Pub Date : 2024-11-11eCollection Date: 2024-12-01DOI: 10.1515/dmpt-2024-0070
Almas Qureshi, Rais Ur Rahman, Yasmeen Shamsi
Objectives: Urinary tract infection (UTI) is one of the most frequent reasons for prescribing antibiotics. Escherichia coli implicated in 75-90 % cases of UTI is becoming increasingly resistant to antibiotics. Finding alternative therapeutic agent for this infection is critical, for which herbal drugs may be an option. In Unani medicine, urinary tract infection (Ṭa'diya Majra-i-Bawl) is treated with herbal drugs possessing Da'fe Ufoonat (antiseptic), Muhallilat (anti-inflammatory) and Mudirrat (diuretic) properties. Polyherbal formulations of such drugs are expected to be beneficial in treating Escherichia coli infection. The aim of the study was to assess the efficacy and safety of a Unani polyherbal formulation aimed to develop a safe and efficacious drug for the treatment of urinary tract infection (Ṭa'diya Majra-i-Bawl) caused by Escherichia coli.

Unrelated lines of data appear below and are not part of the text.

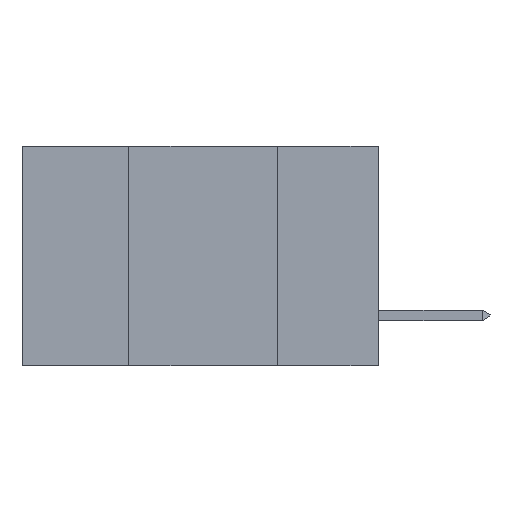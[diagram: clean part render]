
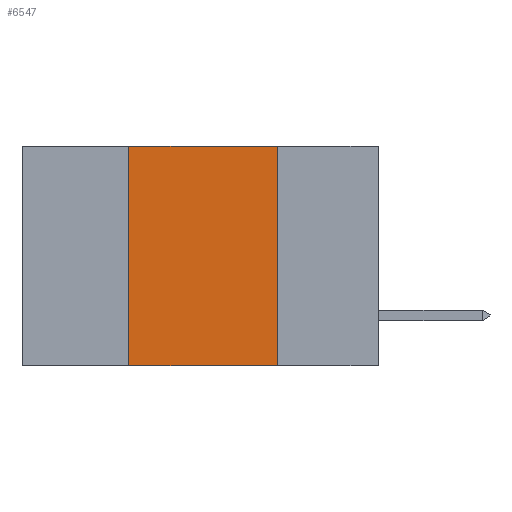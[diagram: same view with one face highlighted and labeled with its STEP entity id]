
A CAD part, left-side view. The second image highlights one B-rep face of the part: STEP entity #6547.
In plain terms, the highlighted planar face has unit normal (-1, 0, 0).
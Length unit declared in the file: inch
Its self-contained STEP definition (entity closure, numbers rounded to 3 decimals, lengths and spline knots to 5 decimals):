
#52 = VERTEX_POINT ( 'NONE', #5241 ) ;
#185 = DIRECTION ( 'NONE',  ( 0., -1., 0. ) ) ;
#230 = LINE ( 'NONE', #6735, #5918 ) ;
#511 = PLANE ( 'NONE',  #6751 ) ;
#534 = VERTEX_POINT ( 'NONE', #8945 ) ;
#570 = VERTEX_POINT ( 'NONE', #727 ) ;
#727 = CARTESIAN_POINT ( 'NONE',  ( 0., 0.42, 0. ) ) ;
#801 = LINE ( 'NONE', #7674, #5287 ) ;
#1021 = CARTESIAN_POINT ( 'NONE',  ( 0., 0.17, -0.37 ) ) ;
#1456 = EDGE_CURVE ( 'NONE', #52, #534, #2998, .T. ) ;
#1567 = EDGE_CURVE ( 'NONE', #570, #2313, #230, .T. ) ;
#1885 = ORIENTED_EDGE ( 'NONE', *, *, #1567, .F. ) ;
#2240 = DIRECTION ( 'NONE',  ( 0., 0., 1. ) ) ;
#2313 = VERTEX_POINT ( 'NONE', #2807 ) ;
#2683 = EDGE_CURVE ( 'NONE', #52, #570, #801, .T. ) ;
#2726 = FACE_OUTER_BOUND ( 'NONE', #6092, .T. ) ;
#2807 = CARTESIAN_POINT ( 'NONE',  ( 0., 0.17, 0. ) ) ;
#2998 = LINE ( 'NONE', #7928, #6638 ) ;
#3238 = EDGE_CURVE ( 'NONE', #2313, #534, #7331, .T. ) ;
#3241 = DIRECTION ( 'NONE',  ( 0., -1., 0. ) ) ;
#3245 = CARTESIAN_POINT ( 'NONE',  ( 0., 0.6, 0. ) ) ;
#3841 = DIRECTION ( 'NONE',  ( 0., 0., -1. ) ) ;
#5241 = CARTESIAN_POINT ( 'NONE',  ( 0., 0.42, -0.37 ) ) ;
#5249 = VECTOR ( 'NONE', #3841, 39.37008 ) ;
#5287 = VECTOR ( 'NONE', #2240, 39.37008 ) ;
#5352 = ORIENTED_EDGE ( 'NONE', *, *, #1456, .T. ) ;
#5918 = VECTOR ( 'NONE', #3241, 39.37008 ) ;
#6092 = EDGE_LOOP ( 'NONE', ( #8057, #1885, #6765, #5352 ) ) ;
#6547 = ADVANCED_FACE ( 'NONE', ( #2726 ), #511, .F. ) ;
#6638 = VECTOR ( 'NONE', #185, 39.37008 ) ;
#6735 = CARTESIAN_POINT ( 'NONE',  ( 0., 0.6, 0. ) ) ;
#6751 = AXIS2_PLACEMENT_3D ( 'NONE', #3245, #7522, #8282 ) ;
#6765 = ORIENTED_EDGE ( 'NONE', *, *, #2683, .F. ) ;
#7331 = LINE ( 'NONE', #1021, #5249 ) ;
#7522 = DIRECTION ( 'NONE',  ( 1., 0., 0. ) ) ;
#7674 = CARTESIAN_POINT ( 'NONE',  ( 0., 0.42, -0.37 ) ) ;
#7928 = CARTESIAN_POINT ( 'NONE',  ( 0., 0.6, -0.37 ) ) ;
#8057 = ORIENTED_EDGE ( 'NONE', *, *, #3238, .F. ) ;
#8282 = DIRECTION ( 'NONE',  ( 0., 0., -1. ) ) ;
#8945 = CARTESIAN_POINT ( 'NONE',  ( 0., 0.17, -0.37 ) ) ;
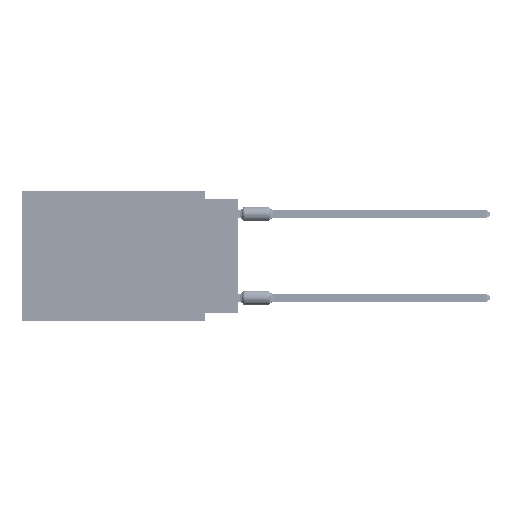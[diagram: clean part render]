
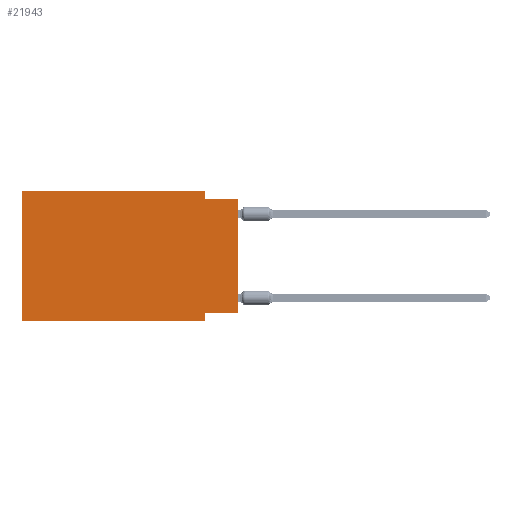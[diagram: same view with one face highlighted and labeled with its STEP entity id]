
A CAD part, left-side view. The second image highlights one B-rep face of the part: STEP entity #21943.
In plain terms, the highlighted planar face has unit normal (-1, 0, 0).
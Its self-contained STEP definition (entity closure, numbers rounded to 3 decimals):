
#1484 = LINE ( 'NONE', #72477, #11325 ) ;
#3203 = DIRECTION ( 'NONE',  ( 0., 0., 1. ) ) ;
#3818 = CARTESIAN_POINT ( 'NONE',  ( 0., 2.54, -9.271 ) ) ;
#4846 = VECTOR ( 'NONE', #40684, 1000. ) ;
#6662 = EDGE_LOOP ( 'NONE', ( #53667, #39461, #34079, #17401, #43383, #15683, #40412, #62274 ) ) ;
#9357 = DIRECTION ( 'NONE',  ( 0., -1., 0. ) ) ;
#11148 = EDGE_CURVE ( 'NONE', #65817, #14942, #81049, .T. ) ;
#11244 = VERTEX_POINT ( 'NONE', #76825 ) ;
#11325 = VECTOR ( 'NONE', #66577, 1000. ) ;
#13770 = CARTESIAN_POINT ( 'NONE',  ( 0., 16.383, 0. ) ) ;
#13896 = VERTEX_POINT ( 'NONE', #51735 ) ;
#14942 = VERTEX_POINT ( 'NONE', #24481 ) ;
#15283 = AXIS2_PLACEMENT_3D ( 'NONE', #20188, #45797, #71420 ) ;
#15683 = ORIENTED_EDGE ( 'NONE', *, *, #73483, .T. ) ;
#16409 = CARTESIAN_POINT ( 'NONE',  ( 0., 16.383, -9.906 ) ) ;
#16473 = CARTESIAN_POINT ( 'NONE',  ( 0., 0., -0.635 ) ) ;
#17401 = ORIENTED_EDGE ( 'NONE', *, *, #70530, .F. ) ;
#18033 = CARTESIAN_POINT ( 'NONE',  ( 0., 2.54, 0. ) ) ;
#18951 = FACE_OUTER_BOUND ( 'NONE', #6662, .T. ) ;
#20103 = VECTOR ( 'NONE', #43658, 1000. ) ;
#20188 = CARTESIAN_POINT ( 'NONE',  ( 0., 16.383, 0. ) ) ;
#21943 = ADVANCED_FACE ( 'NONE', ( #18951 ), #26496, .F. ) ;
#24481 = CARTESIAN_POINT ( 'NONE',  ( 0., 2.54, -0.635 ) ) ;
#24612 = VERTEX_POINT ( 'NONE', #16409 ) ;
#24982 = LINE ( 'NONE', #71158, #62120 ) ;
#25169 = LINE ( 'NONE', #13770, #52710 ) ;
#26496 = PLANE ( 'NONE',  #15283 ) ;
#28052 = VECTOR ( 'NONE', #3203, 1000. ) ;
#34079 = ORIENTED_EDGE ( 'NONE', *, *, #11148, .F. ) ;
#34270 = VERTEX_POINT ( 'NONE', #39317 ) ;
#34340 = LINE ( 'NONE', #66675, #28052 ) ;
#36101 = EDGE_CURVE ( 'NONE', #51958, #34270, #1484, .T. ) ;
#39230 = DIRECTION ( 'NONE',  ( 0., 1., 0. ) ) ;
#39317 = CARTESIAN_POINT ( 'NONE',  ( 0., 2.54, -9.906 ) ) ;
#39461 = ORIENTED_EDGE ( 'NONE', *, *, #48991, .F. ) ;
#39922 = EDGE_CURVE ( 'NONE', #24612, #13896, #46570, .T. ) ;
#40412 = ORIENTED_EDGE ( 'NONE', *, *, #36101, .F. ) ;
#40684 = DIRECTION ( 'NONE',  ( 0., 0., 1. ) ) ;
#41098 = CARTESIAN_POINT ( 'NONE',  ( 0., 16.383, 0. ) ) ;
#43383 = ORIENTED_EDGE ( 'NONE', *, *, #39922, .F. ) ;
#43652 = VECTOR ( 'NONE', #48009, 1000. ) ;
#43658 = DIRECTION ( 'NONE',  ( 0., 0., -1. ) ) ;
#44165 = EDGE_CURVE ( 'NONE', #78108, #11244, #34340, .T. ) ;
#45797 = DIRECTION ( 'NONE',  ( 1., 0., 0. ) ) ;
#46570 = LINE ( 'NONE', #41098, #4846 ) ;
#48009 = DIRECTION ( 'NONE',  ( 0., -1., 0. ) ) ;
#48821 = EDGE_CURVE ( 'NONE', #78108, #51958, #24982, .T. ) ;
#48991 = EDGE_CURVE ( 'NONE', #14942, #11244, #54295, .T. ) ;
#50773 = DIRECTION ( 'NONE',  ( 0., -1., 0. ) ) ;
#51735 = CARTESIAN_POINT ( 'NONE',  ( 0., 16.383, 0. ) ) ;
#51958 = VERTEX_POINT ( 'NONE', #3818 ) ;
#52710 = VECTOR ( 'NONE', #50773, 1000. ) ;
#53667 = ORIENTED_EDGE ( 'NONE', *, *, #44165, .T. ) ;
#54295 = LINE ( 'NONE', #16473, #63459 ) ;
#59797 = CARTESIAN_POINT ( 'NONE',  ( 0., 16.383, -9.906 ) ) ;
#62120 = VECTOR ( 'NONE', #39230, 1000. ) ;
#62274 = ORIENTED_EDGE ( 'NONE', *, *, #48821, .F. ) ;
#63459 = VECTOR ( 'NONE', #9357, 1000. ) ;
#65817 = VERTEX_POINT ( 'NONE', #78007 ) ;
#66577 = DIRECTION ( 'NONE',  ( 0., 0., -1. ) ) ;
#66675 = CARTESIAN_POINT ( 'NONE',  ( 0., 0., 0. ) ) ;
#70530 = EDGE_CURVE ( 'NONE', #13896, #65817, #25169, .T. ) ;
#71158 = CARTESIAN_POINT ( 'NONE',  ( 0., 0., -9.271 ) ) ;
#71420 = DIRECTION ( 'NONE',  ( 0., 0., -1. ) ) ;
#72477 = CARTESIAN_POINT ( 'NONE',  ( 0., 2.54, -9.906 ) ) ;
#73483 = EDGE_CURVE ( 'NONE', #24612, #34270, #80354, .T. ) ;
#75322 = CARTESIAN_POINT ( 'NONE',  ( 0., 0., -9.271 ) ) ;
#76825 = CARTESIAN_POINT ( 'NONE',  ( 0., 0., -0.635 ) ) ;
#78007 = CARTESIAN_POINT ( 'NONE',  ( 0., 2.54, 0. ) ) ;
#78108 = VERTEX_POINT ( 'NONE', #75322 ) ;
#80354 = LINE ( 'NONE', #59797, #43652 ) ;
#81049 = LINE ( 'NONE', #18033, #20103 ) ;
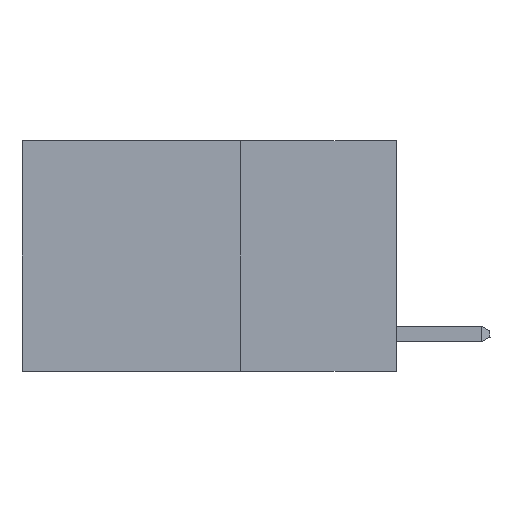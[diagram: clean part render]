
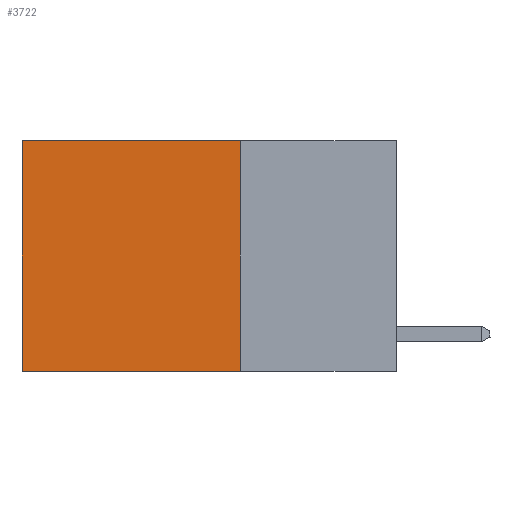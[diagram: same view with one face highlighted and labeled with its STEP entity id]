
A CAD part, left-side view. The second image highlights one B-rep face of the part: STEP entity #3722.
In plain terms, the highlighted planar face has unit normal (-1, 0, 0).
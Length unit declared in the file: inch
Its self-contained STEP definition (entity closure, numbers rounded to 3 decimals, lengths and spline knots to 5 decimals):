
#105 = CARTESIAN_POINT ( 'NONE',  ( 0.2625, 0.6, -0.37 ) ) ;
#321 = CARTESIAN_POINT ( 'NONE',  ( 0.2625, 0.25, -0.37 ) ) ;
#519 = CARTESIAN_POINT ( 'NONE',  ( 0.2625, 0.25, 0. ) ) ;
#686 = DIRECTION ( 'NONE',  ( 0., 0., -1. ) ) ;
#990 = CARTESIAN_POINT ( 'NONE',  ( 0.2625, 0.25, 0. ) ) ;
#2225 = VECTOR ( 'NONE', #8010, 39.37008 ) ;
#2432 = ORIENTED_EDGE ( 'NONE', *, *, #14930, .T. ) ;
#2452 = VERTEX_POINT ( 'NONE', #105 ) ;
#2832 = LINE ( 'NONE', #20732, #2225 ) ;
#3722 = ADVANCED_FACE ( 'NONE', ( #22056 ), #22580, .F. ) ;
#4073 = EDGE_LOOP ( 'NONE', ( #18941, #13759, #9284, #2432 ) ) ;
#4155 = DIRECTION ( 'NONE',  ( 0., 1., 0. ) ) ;
#5664 = VECTOR ( 'NONE', #22316, 39.37008 ) ;
#7095 = EDGE_CURVE ( 'NONE', #8419, #10721, #2832, .T. ) ;
#8010 = DIRECTION ( 'NONE',  ( 0., 0., -1. ) ) ;
#8202 = EDGE_CURVE ( 'NONE', #22284, #2452, #10515, .T. ) ;
#8353 = LINE ( 'NONE', #13313, #17513 ) ;
#8419 = VERTEX_POINT ( 'NONE', #990 ) ;
#9284 = ORIENTED_EDGE ( 'NONE', *, *, #7095, .F. ) ;
#10515 = LINE ( 'NONE', #18725, #5664 ) ;
#10721 = VERTEX_POINT ( 'NONE', #321 ) ;
#10837 = CARTESIAN_POINT ( 'NONE',  ( 0.2625, 0.6, 0. ) ) ;
#11788 = DIRECTION ( 'NONE',  ( 1., 0., 0. ) ) ;
#13313 = CARTESIAN_POINT ( 'NONE',  ( 0.2625, 0.25, 0. ) ) ;
#13759 = ORIENTED_EDGE ( 'NONE', *, *, #17559, .F. ) ;
#14106 = DIRECTION ( 'NONE',  ( 0., 1., 0. ) ) ;
#14930 = EDGE_CURVE ( 'NONE', #8419, #22284, #8353, .T. ) ;
#15381 = VECTOR ( 'NONE', #14106, 39.37008 ) ;
#15956 = LINE ( 'NONE', #23103, #15381 ) ;
#16895 = AXIS2_PLACEMENT_3D ( 'NONE', #519, #11788, #686 ) ;
#17513 = VECTOR ( 'NONE', #4155, 39.37008 ) ;
#17559 = EDGE_CURVE ( 'NONE', #10721, #2452, #15956, .T. ) ;
#18725 = CARTESIAN_POINT ( 'NONE',  ( 0.2625, 0.6, 0. ) ) ;
#18941 = ORIENTED_EDGE ( 'NONE', *, *, #8202, .T. ) ;
#20732 = CARTESIAN_POINT ( 'NONE',  ( 0.2625, 0.25, 0. ) ) ;
#22056 = FACE_OUTER_BOUND ( 'NONE', #4073, .T. ) ;
#22284 = VERTEX_POINT ( 'NONE', #10837 ) ;
#22316 = DIRECTION ( 'NONE',  ( 0., 0., -1. ) ) ;
#22580 = PLANE ( 'NONE',  #16895 ) ;
#23103 = CARTESIAN_POINT ( 'NONE',  ( 0.2625, 0.25, -0.37 ) ) ;
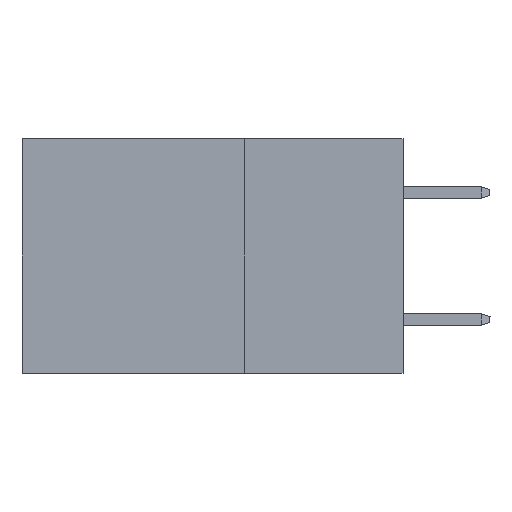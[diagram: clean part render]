
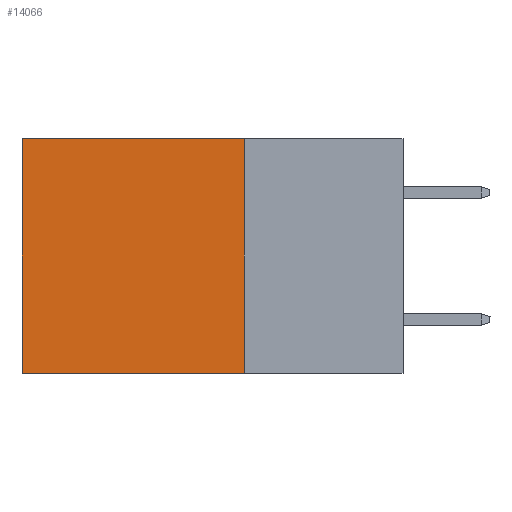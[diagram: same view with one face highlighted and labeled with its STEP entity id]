
A CAD part, left-side view. The second image highlights one B-rep face of the part: STEP entity #14066.
In plain terms, the highlighted planar face has unit normal (-1, 0, 0).
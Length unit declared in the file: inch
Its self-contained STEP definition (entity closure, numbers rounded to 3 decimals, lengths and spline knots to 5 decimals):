
#1419 = CARTESIAN_POINT ( 'NONE',  ( 0.2875, 0.6, 0. ) ) ;
#2122 = CARTESIAN_POINT ( 'NONE',  ( 0.2875, 0.6, 0. ) ) ;
#2963 = ORIENTED_EDGE ( 'NONE', *, *, #14174, .F. ) ;
#3005 = ORIENTED_EDGE ( 'NONE', *, *, #10396, .T. ) ;
#3289 = VERTEX_POINT ( 'NONE', #9641 ) ;
#3896 = CARTESIAN_POINT ( 'NONE',  ( 0.2875, 0.25, -0.37 ) ) ;
#3922 = CARTESIAN_POINT ( 'NONE',  ( 0.2875, 0.25, 0. ) ) ;
#4781 = VECTOR ( 'NONE', #17990, 39.37008 ) ;
#6087 = DIRECTION ( 'NONE',  ( 0., 0., -1. ) ) ;
#6980 = VECTOR ( 'NONE', #10384, 39.37008 ) ;
#7415 = CARTESIAN_POINT ( 'NONE',  ( 0.2875, 0.25, 0. ) ) ;
#7580 = ORIENTED_EDGE ( 'NONE', *, *, #14284, .T. ) ;
#8640 = LINE ( 'NONE', #3896, #4781 ) ;
#9641 = CARTESIAN_POINT ( 'NONE',  ( 0.2875, 0.25, 0. ) ) ;
#9750 = FACE_OUTER_BOUND ( 'NONE', #18121, .T. ) ;
#10384 = DIRECTION ( 'NONE',  ( 0., 0., -1. ) ) ;
#10396 = EDGE_CURVE ( 'NONE', #19855, #12173, #18557, .T. ) ;
#11070 = CARTESIAN_POINT ( 'NONE',  ( 0.2875, 0.25, 0. ) ) ;
#11176 = EDGE_CURVE ( 'NONE', #3289, #13327, #11591, .T. ) ;
#11591 = LINE ( 'NONE', #3922, #6980 ) ;
#12169 = AXIS2_PLACEMENT_3D ( 'NONE', #11070, #18713, #15823 ) ;
#12173 = VERTEX_POINT ( 'NONE', #16625 ) ;
#13327 = VERTEX_POINT ( 'NONE', #14684 ) ;
#13742 = VECTOR ( 'NONE', #6087, 39.37008 ) ;
#13881 = DIRECTION ( 'NONE',  ( 0., 1., 0. ) ) ;
#14066 = ADVANCED_FACE ( 'NONE', ( #9750 ), #17264, .F. ) ;
#14114 = VECTOR ( 'NONE', #13881, 39.37008 ) ;
#14174 = EDGE_CURVE ( 'NONE', #13327, #12173, #8640, .T. ) ;
#14284 = EDGE_CURVE ( 'NONE', #3289, #19855, #18393, .T. ) ;
#14684 = CARTESIAN_POINT ( 'NONE',  ( 0.2875, 0.25, -0.37 ) ) ;
#15823 = DIRECTION ( 'NONE',  ( 0., 0., -1. ) ) ;
#16625 = CARTESIAN_POINT ( 'NONE',  ( 0.2875, 0.6, -0.37 ) ) ;
#17264 = PLANE ( 'NONE',  #12169 ) ;
#17990 = DIRECTION ( 'NONE',  ( 0., 1., 0. ) ) ;
#18121 = EDGE_LOOP ( 'NONE', ( #3005, #2963, #18452, #7580 ) ) ;
#18393 = LINE ( 'NONE', #7415, #14114 ) ;
#18452 = ORIENTED_EDGE ( 'NONE', *, *, #11176, .F. ) ;
#18557 = LINE ( 'NONE', #1419, #13742 ) ;
#18713 = DIRECTION ( 'NONE',  ( 1., 0., 0. ) ) ;
#19855 = VERTEX_POINT ( 'NONE', #2122 ) ;

Methods: This open-label, single armed clinical study was conducted on patients with clinical signs and symptoms of UTI and positive urine culture for E. coli. Patients were treated with the polyherbal formulation consisting of 50 % hydro-alcoholic extracts of Khar Khasak (Tribulus terrestris), Bhui Amla (Phyllanthus niruri), Kabab Cheeni (Piper cubeba), Beekh -i-Kasni (Cichorium intybus), Beekh-i-Karafs (Apium graveolens), Asl-us-Soos (Glycyrrhiza glabra), and Giloy (Tinospora cordifolia) in a dose of one capsule (500 mg) thrice a day orally with plain water for 42 days.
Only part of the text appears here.